That's not a good experiment, IMO: the only non-ASCII character here
is U+274E, which has no case variants. And the characters whose
letter-case you tried to change are all ASCII, so their case
conversions are unaffected by the locale.
OK I think this is a better one, it is using U+03B2 and U+0392 which
are the lower and upper case of the same letter (β and Β).
I create a file src.β first:
and then run the following UTF-8 encoded Makefile:
@gcc ©\src.c -o ©\src.exe
ifneq ("$(wildcard src.β)","")
@echo src.β exists
@echo src.β does NOT exist
ifneq ("$(wildcard src.Β)","")
@echo src.Β exists
@echo src.Β does NOT exist
ifneq ("$(wildcard src.βΒ)","")
@echo src.βΒ exists
@echo src.βΒ does NOT exist
and the output of Make is:
C:\Users\cargyris\temp>make -f utf8.mk
src.βΒ does NOT exist
which shows that it finds the one with the upper case extension as well,
despite the fact that it exists in the file system as a lower case extension.
My guess would be that only characters within the locale, defined by
the ANSI codepage, are supported by locale-aware functions in the C
runtime. That's because this is what happens even if you use "wide"

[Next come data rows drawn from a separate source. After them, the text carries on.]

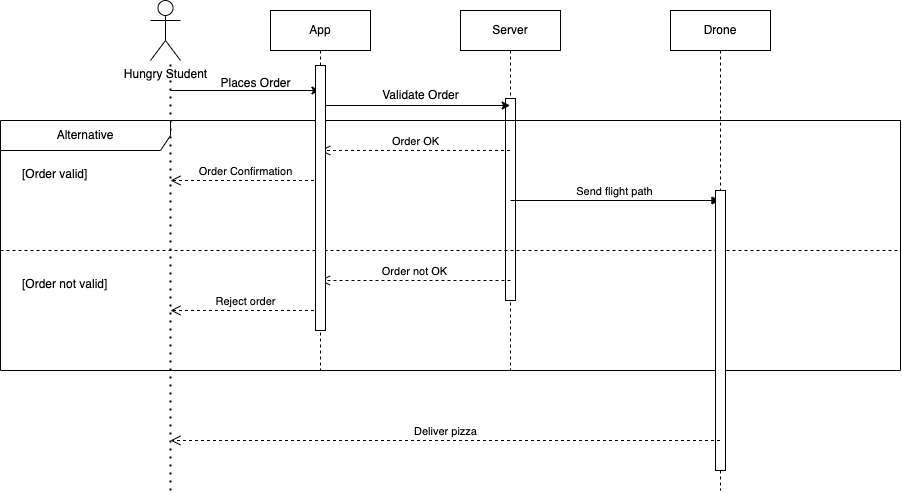

The diagram above was exported from draw.io. Its source (the exported page's mxGraphModel, read from the mxfile embedded in the PNG):
<mxGraphModel dx="2710" dy="878" grid="1" gridSize="10" guides="1" tooltips="1" connect="1" arrows="1" fold="1" page="1" pageScale="1" pageWidth="850" pageHeight="1100" math="0" shadow="0">
  <root>
    <mxCell id="0" />
    <mxCell id="1" parent="0" />
    <mxCell id="aM9ryv3xv72pqoxQDRHE-1" value="App" style="shape=umlLifeline;perimeter=lifelinePerimeter;whiteSpace=wrap;html=1;container=0;dropTarget=0;collapsible=0;recursiveResize=0;outlineConnect=0;portConstraint=eastwest;newEdgeStyle={&quot;edgeStyle&quot;:&quot;elbowEdgeStyle&quot;,&quot;elbow&quot;:&quot;vertical&quot;,&quot;curved&quot;:0,&quot;rounded&quot;:0};" parent="1" vertex="1">
      <mxGeometry x="160" y="40" width="100" height="360" as="geometry" />
    </mxCell>
    <mxCell id="aM9ryv3xv72pqoxQDRHE-5" value="Server" style="shape=umlLifeline;perimeter=lifelinePerimeter;whiteSpace=wrap;html=1;container=0;dropTarget=0;collapsible=0;recursiveResize=0;outlineConnect=0;portConstraint=eastwest;newEdgeStyle={&quot;edgeStyle&quot;:&quot;elbowEdgeStyle&quot;,&quot;elbow&quot;:&quot;vertical&quot;,&quot;curved&quot;:0,&quot;rounded&quot;:0};" parent="1" vertex="1">
      <mxGeometry x="350" y="40" width="100" height="360" as="geometry" />
    </mxCell>
    <mxCell id="1mohVbXdUe1qkkW408YN-3" value="" style="html=1;points=[[0,0,0,0,5],[0,1,0,0,-5],[1,0,0,0,5],[1,1,0,0,-5]];perimeter=orthogonalPerimeter;outlineConnect=0;targetShapes=umlLifeline;portConstraint=eastwest;newEdgeStyle={&quot;curved&quot;:0,&quot;rounded&quot;:0};" vertex="1" parent="aM9ryv3xv72pqoxQDRHE-5">
      <mxGeometry x="45" y="88" width="10" height="202" as="geometry" />
    </mxCell>
    <mxCell id="6j5iL34Rvb95ms5DRrVq-1" value="Hungry Student&lt;br&gt;" style="shape=umlActor;verticalLabelPosition=bottom;verticalAlign=top;html=1;outlineConnect=0;" parent="1" vertex="1">
      <mxGeometry x="40" y="30" width="30" height="60" as="geometry" />
    </mxCell>
    <mxCell id="6j5iL34Rvb95ms5DRrVq-12" value="" style="endArrow=none;dashed=1;html=1;dashPattern=1 3;strokeWidth=2;rounded=0;" parent="1" edge="1">
      <mxGeometry width="50" height="50" relative="1" as="geometry">
        <mxPoint x="60" y="520" as="sourcePoint" />
        <mxPoint x="60" y="90" as="targetPoint" />
      </mxGeometry>
    </mxCell>
    <mxCell id="6j5iL34Rvb95ms5DRrVq-13" value="" style="endArrow=classic;html=1;rounded=0;" parent="1" target="aM9ryv3xv72pqoxQDRHE-1" edge="1">
      <mxGeometry width="50" height="50" relative="1" as="geometry">
        <mxPoint x="60" y="120" as="sourcePoint" />
        <mxPoint x="150" y="120" as="targetPoint" />
      </mxGeometry>
    </mxCell>
    <mxCell id="6j5iL34Rvb95ms5DRrVq-15" value="Places Order&lt;br&gt;" style="text;html=1;align=center;verticalAlign=middle;resizable=0;points=[];autosize=1;strokeColor=none;fillColor=none;" parent="1" vertex="1">
      <mxGeometry x="100" y="98" width="90" height="30" as="geometry" />
    </mxCell>
    <mxCell id="6j5iL34Rvb95ms5DRrVq-19" value="Alternative" style="shape=umlFrame;whiteSpace=wrap;html=1;pointerEvents=0;recursiveResize=0;container=1;collapsible=0;width=170;" parent="1" vertex="1">
      <mxGeometry x="-110" y="150" width="900" height="250" as="geometry" />
    </mxCell>
    <mxCell id="6j5iL34Rvb95ms5DRrVq-20" value="[Order valid]" style="text;html=1;" parent="6j5iL34Rvb95ms5DRrVq-19" vertex="1">
      <mxGeometry width="100" height="20" relative="1" as="geometry">
        <mxPoint x="20" y="40" as="offset" />
      </mxGeometry>
    </mxCell>
    <mxCell id="6j5iL34Rvb95ms5DRrVq-21" value="[Order not valid]" style="line;strokeWidth=1;dashed=1;labelPosition=center;verticalLabelPosition=bottom;align=left;verticalAlign=top;spacingLeft=20;spacingTop=15;html=1;whiteSpace=wrap;" parent="6j5iL34Rvb95ms5DRrVq-19" vertex="1">
      <mxGeometry y="125" width="900" height="10" as="geometry" />
    </mxCell>
    <mxCell id="6j5iL34Rvb95ms5DRrVq-27" value="Order Confirmation" style="html=1;verticalAlign=bottom;endArrow=open;dashed=1;endSize=8;curved=0;rounded=0;" parent="6j5iL34Rvb95ms5DRrVq-19" source="aM9ryv3xv72pqoxQDRHE-1" edge="1">
      <mxGeometry relative="1" as="geometry">
        <mxPoint x="300" y="60" as="sourcePoint" />
        <mxPoint x="170" y="60" as="targetPoint" />
      </mxGeometry>
    </mxCell>
    <mxCell id="6j5iL34Rvb95ms5DRrVq-26" value="Order OK" style="html=1;verticalAlign=bottom;endArrow=open;dashed=1;endSize=8;curved=0;rounded=0;" parent="6j5iL34Rvb95ms5DRrVq-19" edge="1">
      <mxGeometry relative="1" as="geometry">
        <mxPoint x="509.5" y="30" as="sourcePoint" />
        <mxPoint x="319.6666666666665" y="30" as="targetPoint" />
      </mxGeometry>
    </mxCell>
    <mxCell id="6j5iL34Rvb95ms5DRrVq-29" value="Send flight path" style="html=1;verticalAlign=bottom;endArrow=block;curved=0;rounded=0;" parent="6j5iL34Rvb95ms5DRrVq-19" target="6j5iL34Rvb95ms5DRrVq-28" edge="1">
      <mxGeometry width="80" relative="1" as="geometry">
        <mxPoint x="510" y="80" as="sourcePoint" />
        <mxPoint x="590" y="80" as="targetPoint" />
      </mxGeometry>
    </mxCell>
    <mxCell id="6j5iL34Rvb95ms5DRrVq-30" value="Order not OK" style="html=1;verticalAlign=bottom;endArrow=open;dashed=1;endSize=8;curved=0;rounded=0;" parent="6j5iL34Rvb95ms5DRrVq-19" target="aM9ryv3xv72pqoxQDRHE-1" edge="1">
      <mxGeometry relative="1" as="geometry">
        <mxPoint x="510" y="160" as="sourcePoint" />
        <mxPoint x="430" y="160" as="targetPoint" />
      </mxGeometry>
    </mxCell>
    <mxCell id="6j5iL34Rvb95ms5DRrVq-31" value="Reject order" style="html=1;verticalAlign=bottom;endArrow=open;dashed=1;endSize=8;curved=0;rounded=0;" parent="6j5iL34Rvb95ms5DRrVq-19" source="aM9ryv3xv72pqoxQDRHE-1" edge="1">
      <mxGeometry x="0.0033" relative="1" as="geometry">
        <mxPoint x="360" y="190" as="sourcePoint" />
        <mxPoint x="170" y="190" as="targetPoint" />
        <mxPoint as="offset" />
      </mxGeometry>
    </mxCell>
    <mxCell id="6j5iL34Rvb95ms5DRrVq-16" value="" style="endArrow=classic;html=1;rounded=0;" parent="1" edge="1" source="1mohVbXdUe1qkkW408YN-2">
      <mxGeometry width="50" height="50" relative="1" as="geometry">
        <mxPoint x="210.00483870967753" y="135" as="sourcePoint" />
        <mxPoint x="399.65" y="135" as="targetPoint" />
      </mxGeometry>
    </mxCell>
    <mxCell id="6j5iL34Rvb95ms5DRrVq-17" value="Validate Order" style="text;html=1;align=center;verticalAlign=middle;resizable=0;points=[];autosize=1;strokeColor=none;fillColor=none;" parent="1" vertex="1">
      <mxGeometry x="260" y="110" width="100" height="30" as="geometry" />
    </mxCell>
    <mxCell id="6j5iL34Rvb95ms5DRrVq-28" value="Drone" style="shape=umlLifeline;perimeter=lifelinePerimeter;whiteSpace=wrap;html=1;container=1;dropTarget=0;collapsible=0;recursiveResize=0;outlineConnect=0;portConstraint=eastwest;newEdgeStyle={&quot;curved&quot;:0,&quot;rounded&quot;:0};" parent="1" vertex="1">
      <mxGeometry x="560" y="40" width="100" height="480" as="geometry" />
    </mxCell>
    <mxCell id="1mohVbXdUe1qkkW408YN-4" value="" style="html=1;points=[[0,0,0,0,5],[0,1,0,0,-5],[1,0,0,0,5],[1,1,0,0,-5]];perimeter=orthogonalPerimeter;outlineConnect=0;targetShapes=umlLifeline;portConstraint=eastwest;newEdgeStyle={&quot;curved&quot;:0,&quot;rounded&quot;:0};" vertex="1" parent="6j5iL34Rvb95ms5DRrVq-28">
      <mxGeometry x="45" y="180" width="10" height="280" as="geometry" />
    </mxCell>
    <mxCell id="1mohVbXdUe1qkkW408YN-1" value="Deliver pizza" style="html=1;verticalAlign=bottom;endArrow=open;dashed=1;endSize=8;curved=0;rounded=0;" edge="1" parent="1" source="6j5iL34Rvb95ms5DRrVq-28">
      <mxGeometry relative="1" as="geometry">
        <mxPoint x="140" y="470" as="sourcePoint" />
        <mxPoint x="60" y="470" as="targetPoint" />
      </mxGeometry>
    </mxCell>
    <mxCell id="1mohVbXdUe1qkkW408YN-2" value="" style="html=1;points=[[0,0,0,0,5],[0,1,0,0,-5],[1,0,0,0,5],[1,1,0,0,-5]];perimeter=orthogonalPerimeter;outlineConnect=0;targetShapes=umlLifeline;portConstraint=eastwest;newEdgeStyle={&quot;curved&quot;:0,&quot;rounded&quot;:0};" vertex="1" parent="1">
      <mxGeometry x="205" y="95" width="10" height="265" as="geometry" />
    </mxCell>
  </root>
</mxGraphModel>
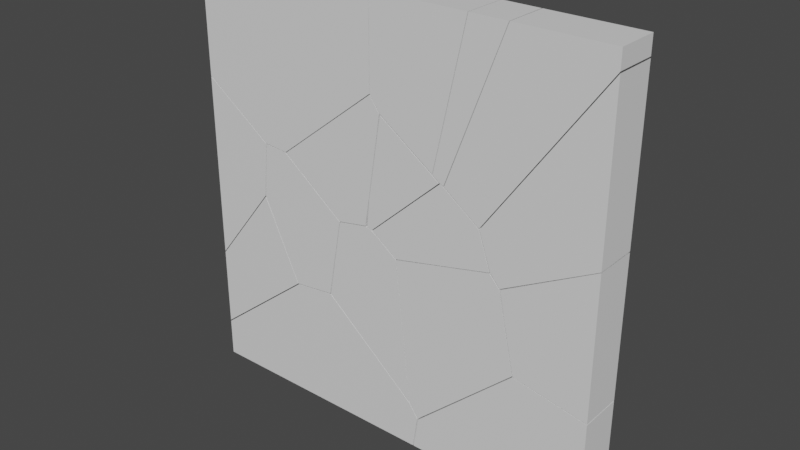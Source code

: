 # Source: GlassShatter.blend  (saved by Blender 2.92.15; exported with 4.5.12 LTS)
import bpy
from mathutils import Matrix  # noqa: F401  (used for matrix-valued properties, if any)

bpy.ops.wm.read_factory_settings(use_empty=True)
scene = bpy.context.scene
scene.name = 'Scene'

# ---- collections
col_collection = bpy.data.collections.new('Collection'); scene.collection.children.link(col_collection)

# ---- materials (node trees are filled in below, after node groups)
mat_glass = bpy.data.materials.new('Glass')
mat_glass.use_transparent_shadow = False

# ---- material node trees
mat_glass.use_nodes = True; mat_glass.node_tree.nodes.clear()
_N = mat_glass.node_tree.nodes; _L = mat_glass.node_tree.links
n0 = _N.new('ShaderNodeBsdfPrincipled'); n0.name = 'Principled BSDF'; n0.location = (10, 300)
n0.distribution = 'GGX'
n0.subsurface_method = 'BURLEY'
n0.inputs[3].default_value = 1.45
n0.inputs[27].default_value = (0.0, 0.0, 0.0, 1.0)
n0.inputs[28].default_value = 1.0
n1 = _N.new('ShaderNodeOutputMaterial'); n1.name = 'Material Output'; n1.location = (300, 300)
_L.new(n0.outputs[0], n1.inputs[0])
n1.is_active_output = True

# ---- world
world_world = bpy.data.worlds.new('World'); scene.world = world_world
world_world.use_nodes = True; world_world.node_tree.nodes.clear()
_N = world_world.node_tree.nodes; _L = world_world.node_tree.links
n0 = _N.new('ShaderNodeOutputWorld'); n0.name = 'World Output'; n0.location = (300, 300)
n1 = _N.new('ShaderNodeBackground'); n1.name = 'Background'; n1.location = (10, 300)
n1.inputs[0].default_value = (0.05088, 0.05088, 0.05088, 1.0)
_L.new(n1.outputs[0], n0.inputs[0])
n0.is_active_output = True
world_world.color = (0.05088, 0.05088, 0.05088)
world_world.use_sun_shadow = False
world_world.sun_shadow_jitter_overblur = 0.0

# ---- meshes
me_cube_cell_016 = bpy.data.meshes.new('Cube_cell.016')
me_cube_cell_016.from_pydata([(-0.1577, 0.05, 0.1277), (-0.0401, 0.05, -0.1903), (-0.09861, 0.05, -0.2439), (-0.1041, 0.05, -0.2359), (-0.1206, 0.05, -0.2117), (0.01541, 0.05, 0.1677), (0.1363, 0.05, -0.02847), (0.1072, 0.05, 0.1086), (0.09741, 0.05, 0.1541), (0.07974, 0.05, 0.1743), (0.07374, 0.05, 0.1809), (-0.1576, -0.05, 0.1278), (-0.0986, -0.05, -0.2436), (-0.1151, -0.05, -0.2197), (-0.1206, -0.05, -0.2116), (-0.1002, -0.05, 0.1411), (0.1267, -0.05, 0.01767), (0.1365, -0.05, -0.02816), (0.07747, -0.05, -0.08228), (0.09748, -0.05, 0.1543), (0.09158, -0.05, 0.161), (0.07369, -0.05, 0.1806), (0.1363, 0.05, -0.02847), (-0.0401, 0.05, -0.1903), (-0.09861, 0.05, -0.2439), (-0.1041, 0.05, -0.2359), (-0.1206, 0.05, -0.2117), (-0.1577, 0.05, 0.1277), (0.01541, 0.05, 0.1677), (0.07374, 0.05, 0.1809), (0.07974, 0.05, 0.1743), (0.09741, 0.05, 0.1541), (0.1072, 0.05, 0.1086), (0.1365, -0.05, -0.02816), (0.1267, -0.05, 0.01767), (0.09748, -0.05, 0.1543), (0.09158, -0.05, 0.161), (0.07369, -0.05, 0.1806), (-0.1002, -0.05, 0.1411), (-0.1576, -0.05, 0.1278), (-0.1206, -0.05, -0.2116), (-0.1151, -0.05, -0.2197), (-0.0986, -0.05, -0.2436), (0.07747, -0.05, -0.08228)], [], [(22, 23, 24, 25, 26, 27, 28, 29, 30, 31, 32), (33, 34, 35, 36, 37, 38, 39, 40, 41, 42, 43), (2, 1, 18, 12), (18, 1, 6, 17), (16, 17, 6, 7), (7, 8, 19, 16), (14, 4, 3, 13), (3, 2, 12, 13), (20, 19, 8, 9), (9, 10, 21, 20), (21, 10, 5, 15), (0, 11, 15, 5), (4, 14, 11, 0)])
_k = set([(0, 4), (0, 5), (1, 2), (1, 6), (2, 3), (3, 4), (5, 10), (6, 7), (7, 8), (8, 9), (9, 10), (11, 14), (11, 15), (12, 13), (12, 18), (13, 14), (15, 21), (16, 17), (16, 19), (17, 18), (19, 20), (20, 21), (22, 23), (22, 32), (23, 24), (24, 25), (25, 26), (26, 27), (27, 28), (28, 29), (29, 30), (30, 31), (31, 32), (33, 34), (33, 43), (34, 35), (35, 36), (36, 37), (37, 38), (38, 39), (39, 40), (40, 41), (41, 42), (42, 43)])
me_cube_cell_016.attributes.new('sharp_edge', 'BOOLEAN', 'EDGE').data.foreach_set('value', [ (min(e.vertices), max(e.vertices)) in _k for e in me_cube_cell_016.edges])
_uv = me_cube_cell_016.uv_layers.new(name='UVMap')
_uv.uv.foreach_set('vector', [0.4481, 0.4564, 0.4077, 0.4123, 0.3943, 0.3977, 0.3963, 0.3963, 0.4023, 0.3922, 0.4872, 0.3829, 0.4972, 0.4262, 0.5005, 0.4408, 0.4988, 0.4423, 0.4938, 0.4467, 0.4824, 0.4491, 0.4482, 0.7935, 0.4597, 0.796, 0.4938, 0.8033, 0.4955, 0.8047, 0.5004, 0.8092, 0.4905, 0.8527, 0.4872, 0.8671, 0.4024, 0.8578, 0.4003, 0.8564, 0.3944, 0.8523, 0.4347, 0.8083, 0.7504, 0.0, 1.0, 0.2488, 1.0, 0.7488, 0.2489, 0.0, 0.7488, 0.7488, 0.2488, 0.2488, 1.0, 0.2507, 1.0, 0.7494, 1.0, 0.749, 0.7494, 0.7494, 0.2507, 0.2507, 1.0, 0.2495, 0.2495, 0.2495, 0.2497, 0.0, 0.7494, 0.0, 0.749, 0.749, 0.7507, 0.7507, 0.2488, 0.2488, 1.0, 0.2496, 1.0, 0.751, 0.2496, 0.2496, 0.2496, 0.0, 0.7511, 0.0, 0.751, 0.751, 0.7501, 0.0, 1.0, 0.2506, 1.0, 0.7503, 0.2517, 0.0, 0.2517, 0.2517, 0.2513, 0.0, 0.749, 0.0, 0.7501, 0.7501, 0.749, 0.749, 0.2513, 0.2513, 0.2522, 0.0, 0.7516, 0.0, 1.0, 0.2511, 1.0, 0.7513, 0.7516, 0.7516, 0.2522, 0.2522, 1.0, 0.2488, 1.0, 0.7507, 0.2487, 0.0, 0.7489, 0.0])
me_cube_cell_016.materials.append(mat_glass)
me_cube_cell_016.use_remesh_fix_poles = True
me_cube_cell_016.use_remesh_preserve_attributes = False
me_cube_cell_016.use_mirror_vertex_groups = False
me_cube_cell_016.update()
me_cube_cell_017 = bpy.data.meshes.new('Cube_cell.017')
me_cube_cell_017.from_pydata([(-0.08785, 0.05, -0.1218), (-0.07205, 0.05, -0.1258), (-0.05755, 0.05, 0.0688), (-0.0473, 0.05, 0.1326), (0.09945, 0.05, 0.03073), (0.08684, 0.05, 0.03973), (0.08257, 0.05, 0.04277), (-0.07803, -0.05, -0.05859), (-0.0842, -0.05, -0.1227), (-0.07187, -0.05, -0.1257), (0.09949, -0.05, 0.03075), (0.09529, -0.05, 0.03375), (0.08254, -0.05, 0.04283), (-0.04732, -0.05, 0.1326), (-0.05755, 0.05, 0.0688), (-0.0473, 0.05, 0.1326), (-0.07803, -0.05, -0.05859), (-0.0842, -0.05, -0.1227), (0.08257, 0.05, 0.04277), (0.08684, 0.05, 0.03973), (0.09945, 0.05, 0.03073), (-0.07205, 0.05, -0.1258), (-0.08785, 0.05, -0.1218), (0.09949, -0.05, 0.03075), (0.09529, -0.05, 0.03375), (0.08254, -0.05, 0.04283), (-0.04732, -0.05, 0.1326), (-0.07187, -0.05, -0.1257)], [], [(14, 15, 18, 19, 20, 21, 0), (23, 24, 25, 26, 16, 17, 27), (13, 3, 2, 7), (11, 5, 6, 12), (22, 8, 7, 2), (22, 1, 8), (1, 9, 8), (12, 6, 3, 13), (10, 4, 5, 11), (4, 10, 9, 1)])
_k = set([(0, 14), (0, 21), (1, 4), (1, 22), (2, 3), (2, 22), (3, 6), (4, 5), (5, 6), (7, 8), (7, 13), (8, 9), (9, 10), (10, 11), (11, 12), (12, 13), (14, 15), (15, 18), (16, 17), (16, 26), (17, 27), (18, 19), (19, 20), (20, 21), (23, 24), (23, 27), (24, 25), (25, 26)])
me_cube_cell_017.attributes.new('sharp_edge', 'BOOLEAN', 'EDGE').data.foreach_set('value', [ (min(e.vertices), max(e.vertices)) in _k for e in me_cube_cell_017.edges])
_uv = me_cube_cell_017.uv_layers.new(name='UVMap')
_uv.uv.foreach_set('vector', [0.5479, 0.3701, 0.5638, 0.3727, 0.5414, 0.4052, 0.5406, 0.4062, 0.5384, 0.4094, 0.4995, 0.3655, 0.5002, 0.3626, 0.5384, 0.8406, 0.5391, 0.8417, 0.5414, 0.8448, 0.5638, 0.8773, 0.516, 0.885, 0.5, 0.8865, 0.4993, 0.8834, 0.7506, 0.7506, 0.2505, 0.2505, 0.2509, 0.0, 0.7519, 0.0, 0.2489, 0.0, 0.7486, 0.0, 1.0, 0.2513, 1.0, 0.751, 0.2513, 0.0, 0.752, 0.0, 1.0, 0.2481, 1.0, 0.7491, 0.2513, 0.2513, 1.0, 0.2508, 0.752, 0.752, 0.2505, 0.0, 0.7509, 0.0, 0.7519, 0.7519, 0.751, 0.751, 0.2513, 0.2513, 1.0, 0.2505, 1.0, 0.7506, 0.7507, 0.7507, 0.2501, 0.2501, 1.0, 0.2514, 1.0, 0.7511, 1.0, 0.2501, 1.0, 0.7507, 0.7509, 0.7509, 0.2505, 0.2505])
me_cube_cell_017.materials.append(mat_glass)
me_cube_cell_017.use_remesh_fix_poles = True
me_cube_cell_017.use_remesh_preserve_attributes = False
me_cube_cell_017.use_mirror_vertex_groups = False
me_cube_cell_017.update()
me_cube_cell_001 = bpy.data.meshes.new('Cube_cell.001')
me_cube_cell_001.from_pydata([(-0.2575, -0.05, 0.2269), (-0.2575, 0.05, 0.2269), (-0.2575, -0.05, -0.04766), (-0.2575, 0.05, -0.04759), (-0.09183, 0.05, -0.1647), (0.02558, 0.05, -0.1217), (-0.03495, 0.05, -0.1694), (-0.04927, 0.05, -0.1682), (0.2065, 0.05, 0.2269), (0.2062, 0.05, 0.08463), (0.2059, 0.05, 0.0204), (-0.09179, -0.05, -0.1647), (-0.07761, -0.05, -0.1659), (0.2069, -0.05, 0.2269), (0.2069, -0.05, 0.2133), (0.2061, -0.05, 0.02028), (0.1461, -0.05, -0.027), (-0.03481, -0.05, -0.1693), (-0.2575, 0.05, -0.04759), (-0.2575, -0.05, -0.04766), (0.2065, 0.05, 0.2269), (0.2062, 0.05, 0.08463), (0.2059, 0.05, 0.0204), (0.02558, 0.05, -0.1217), (-0.03495, 0.05, -0.1694), (-0.04927, 0.05, -0.1682), (-0.09183, 0.05, -0.1647), (0.1461, -0.05, -0.027), (0.2061, -0.05, 0.02028), (0.2069, -0.05, 0.2133), (0.2069, -0.05, 0.2269), (-0.09179, -0.05, -0.1647), (-0.07761, -0.05, -0.1659), (-0.03481, -0.05, -0.1693)], [], [(19, 0, 1, 18), (18, 1, 20, 21, 22, 23, 24, 25, 26), (27, 28, 29, 30, 0, 19, 31, 32, 33), (20, 1, 0, 30), (7, 6, 17, 12), (4, 7, 12, 11), (16, 5, 10, 15), (6, 5, 16, 17), (13, 14, 9, 8), (10, 9, 14, 15), (3, 4, 11, 2)])
_k = set([(2, 3), (2, 11), (3, 4), (4, 7), (5, 6), (5, 10), (6, 7), (8, 9), (8, 13), (9, 10), (11, 12), (12, 17), (13, 14), (14, 15), (15, 16), (16, 17), (18, 19), (18, 26), (19, 31), (20, 21), (20, 30), (21, 22), (22, 23), (23, 24), (24, 25), (25, 26), (27, 28), (27, 33), (28, 29), (29, 30), (31, 32), (32, 33)])
me_cube_cell_001.attributes.new('sharp_edge', 'BOOLEAN', 'EDGE').data.foreach_set('value', [ (min(e.vertices), max(e.vertices)) in _k for e in me_cube_cell_001.edges])
_uv = me_cube_cell_001.uv_layers.new(name='UVMap')
_uv.uv.foreach_set('vector', [0.5564, 0.0, 0.625, 0.0, 0.625, 0.25, 0.5564, 0.25, 0.5564, 0.25, 0.625, 0.25, 0.625, 0.366, 0.5894, 0.3659, 0.5734, 0.3658, 0.5378, 0.3208, 0.5259, 0.3056, 0.5262, 0.3021, 0.5271, 0.2914, 0.5615, 0.8991, 0.5733, 0.8841, 0.6216, 0.8839, 0.625, 0.8839, 0.625, 1.0, 0.5564, 1.0, 0.5271, 0.9586, 0.5268, 0.955, 0.526, 0.9443, 0.759, 0.5, 0.875, 0.5, 0.875, 0.75, 0.7589, 0.75, 1.0, 0.7489, 0.7487, 0.7487, 0.2489, 0.2489, 1.0, 0.2495, 0.7498, 0.0, 0.7489, 0.7489, 0.2495, 0.2495, 0.2498, 0.0, 1.0, 0.249, 1.0, 0.7488, 0.2497, 0.0, 0.7505, 0.0, 1.0, 0.7487, 0.7488, 0.7488, 0.249, 0.249, 1.0, 0.2489, 0.2489, 0.0529, 0.2489, 0.0, 0.7501, 0.0, 0.7498, 0.5551, 1.0, 0.7503, 0.7501, 0.7501, 0.2489, 0.2489, 1.0, 0.2495, 0.7497, 0.2314, 1.0, 0.2502, 1.0, 0.7502, 0.2517, 0.233])
me_cube_cell_001.materials.append(mat_glass)
me_cube_cell_001.use_remesh_fix_poles = True
me_cube_cell_001.use_remesh_preserve_attributes = False
me_cube_cell_001.use_mirror_vertex_groups = False
me_cube_cell_001.update()
me_cube_cell_002 = bpy.data.meshes.new('Cube_cell.002')
me_cube_cell_002.from_pydata([(-0.1133, -0.05385, -0.1979), (-0.1133, -0.05385, -0.008054), (-0.1133, 0.04615, -0.198), (-0.1133, 0.04615, -0.008297), (-0.09099, 0.04615, -0.1803), (0.06134, 0.04615, 0.137), (0.1277, 0.04615, -0.006008), (-0.0117, 0.04615, 0.1207), (0.03882, 0.04615, 0.1847), (0.106, -0.05385, 0.04149), (0.128, -0.05385, -0.005892), (0.05555, -0.05385, -0.06362), (0.03857, -0.05385, 0.1842), (-0.1133, 0.04615, -0.198), (-0.1133, -0.05385, -0.1979), (-0.1133, -0.05385, -0.008054), (-0.1133, 0.04615, -0.008297), (0.03882, 0.04615, 0.1847), (0.06134, 0.04615, 0.137), (0.1277, 0.04615, -0.006008), (-0.09099, 0.04615, -0.1803), (-0.0117, 0.04615, 0.1207), (0.128, -0.05385, -0.005892), (0.106, -0.05385, 0.04149), (0.03857, -0.05385, 0.1842), (0.05555, -0.05385, -0.06362)], [], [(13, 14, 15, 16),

Unicode APIs and/or functions like _wcsicmp that accept wchar_t
characters: they all support only the characters of the current locale
set by 'setlocale'. I don't expect that to change just because UTF-8
is used on the outside: internally, everything is converted to UTF-16,
i.e. to the Windows flavor of wchar_t.
When the manifest is used to set the active code page of the process
to UTF-8, the current ANSI code page does become UTF-8, so that
might explain why the above example is working.
As mentioned in:
"Also, the run-time library might obtain and use the value of the operating system code page, which is constant for the duration of the program's execution."
This seems to be offering some kind of confirmation.
But this one looks most relevant to your point:
"Starting in Windows 10 version 1803 (10.0.17134.0), the Universal C Runtime supports using a UTF-8 code page. The change means that char strings passed to C runtime functions can expect strings in the UTF-8 encoding. To enable UTF-8 mode, use ".UTF8" as the code page when using setlocale. For example, setlocale(LC_ALL, ".UTF8") will use the current default Windows ANSI code page (ACP) for the locale and UTF-8 for the code page."
setlocale (LC_ALL, "");
so this could be changed to:
setlocale (LC_ALL, ".UTF8")
conditionally on the Windows version above, but I'm not sure if that is even
necessary, given the UTF-8 manifest change.
From reading the above doc my understanding is that embedding the UTF-8
manifest has an effect that covers the C runtime as well. For example:
"UTF-8 mode is also enabled for functions that have historically translated char strings using the default Windows ANSI code page (ACP). For example, calling _mkdir("😊") while using a UTF-8 code page will correctly produce a directory with that emoji as the folder name, instead of requiring the ACP to be changed to UTF-8 before running your program. Likewise, calling _getcwd() in that folder will return a UTF-8 encoded string. For compatibility, the ACP is still used if the C locale code page isn't set to UTF-8."
I have highlighted the important parts in bold.
My point is, with the manifest embedded at build time, ACP will be UTF-8
already when the program (Make) runs, so no need to do anything more.
This advice is for how to use UTF-8 in the C runtime if you don't have
ACP == UTF-8.
The Unicode -W APIs are different compared to the -A APIs in that
they don't even look at the current ANSI code page, they just use UTF-16.